The Patient Protection and Affordable Care Act (PPACA), commonly called Obamacare, is a federal law signed into law by President Obama in 2010. It represents the most significant overhaul of the U.S. healthcare system since the passage of Medicare and Medicaid in 1965 PPACA is aimed primarily at decreasing the number of uninsured Americans and reducing the overall costs of health care.

Deductibles

A deductible is the amount you have to pay out-ofpocket for expenses before the insurance company will cover the remaining costs. For example, if you get into an accident and your medical expenses are $2,000 and your deductible is $300, then you would have to pay the $300 out-ofpocket first before the insurance company paid the remaining $1,700. However, if your accident only resulted in $300 in medical expenses, then you would pay the $300 deductible and the insurance company would pay nothing.

Insurance Fraud

Insurance Fraud is an illegal act on the part of either the buyer or seller of an insurance contract. Insurance fraud from the seller includes selling policies from non-existent companies, failing to submit premiums and churning policies to create more commissions. Buyer fraud includes exaggerated claims, falsified medical history, post-dated policies, faked death or kidnapping, murder and much more.

Identity Theft

The crime of obtaining the personal or financial information of another person for the sole purpose of assuming that person's name or identity in order to make transactions or purchases. Once they have the information they are looking for, identity thieves can ruin a person's credit rating and the standing of other personal information. Many types of identity theft can be prevented. One way is to continually check the accuracy of personal documents and promptly deal with any discrepancies.

Credit Monitoring Service

A credit monitoring service is offered by many credit card issuers and the three main credit bureaus that involves monitoring credit activity for cardholders. Customers who sign up for such a service pay a monthly fee and receive insurance coverage that will pay for losses (up to $1,000,000 in some cases) in the event of ID theft. Additional features of some services include regular access to credit scores and alerts regarding any new or suspicious credit activity.

Welfare Reform

Welfare reform refers to improving how a nation helps poor people.
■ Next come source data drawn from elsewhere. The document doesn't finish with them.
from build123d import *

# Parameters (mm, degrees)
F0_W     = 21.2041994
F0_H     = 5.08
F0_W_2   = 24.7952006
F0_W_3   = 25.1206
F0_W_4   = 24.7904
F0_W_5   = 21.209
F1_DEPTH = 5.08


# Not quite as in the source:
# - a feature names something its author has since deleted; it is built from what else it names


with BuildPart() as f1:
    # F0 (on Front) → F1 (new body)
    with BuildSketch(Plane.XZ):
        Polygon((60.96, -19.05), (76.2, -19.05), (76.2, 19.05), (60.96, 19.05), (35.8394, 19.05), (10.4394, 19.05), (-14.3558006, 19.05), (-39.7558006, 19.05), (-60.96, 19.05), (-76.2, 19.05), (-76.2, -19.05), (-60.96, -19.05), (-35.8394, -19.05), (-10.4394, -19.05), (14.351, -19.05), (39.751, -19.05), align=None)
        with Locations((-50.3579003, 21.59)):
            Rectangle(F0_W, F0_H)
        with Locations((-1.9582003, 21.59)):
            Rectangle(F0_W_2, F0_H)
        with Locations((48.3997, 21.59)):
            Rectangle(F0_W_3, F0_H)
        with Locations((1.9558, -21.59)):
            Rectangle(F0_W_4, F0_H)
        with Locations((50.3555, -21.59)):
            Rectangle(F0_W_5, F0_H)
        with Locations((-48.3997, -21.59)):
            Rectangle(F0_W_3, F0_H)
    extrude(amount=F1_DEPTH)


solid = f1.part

In the United States, the term was used to get Congress to enact the Personal Responsibility and Work Opportunity Act, which further reduced aid to the poor, to reduce government deficit spending without printing more money.

Bankruptcy

Bankruptcy is a legal proceeding involving a person or business that is unable to repay outstanding debts. All of the debtor's assets are measured and evaluated, then the assets are used to repay a portion of outstanding debt. Upon the successful completion of bankruptcy proceedings, the debtor is relieved of the debt obligations obtained prior to filing for bankruptcy.

Tarp Money

Troubled Asset Relief Program Tarp is a government program created in an attempt to curb the ongoing financial crisis of 2007-2008. The TARP gives the U.S. Treasury purchasing power of $700 billion to buy up bank debt. Opponents against TARP call it a bailout.

Better Business Bureau (BBB)

The Better Business Bureau (BBB) aims to promote ethical business practices, leading to an environment where buyers and sellers can operate under a common understanding of trust. Through encouraging better practices on the part of the consumer and the business and setting proper marketplace standards, the BBB provides educational material regarding general and specific desirable business practices.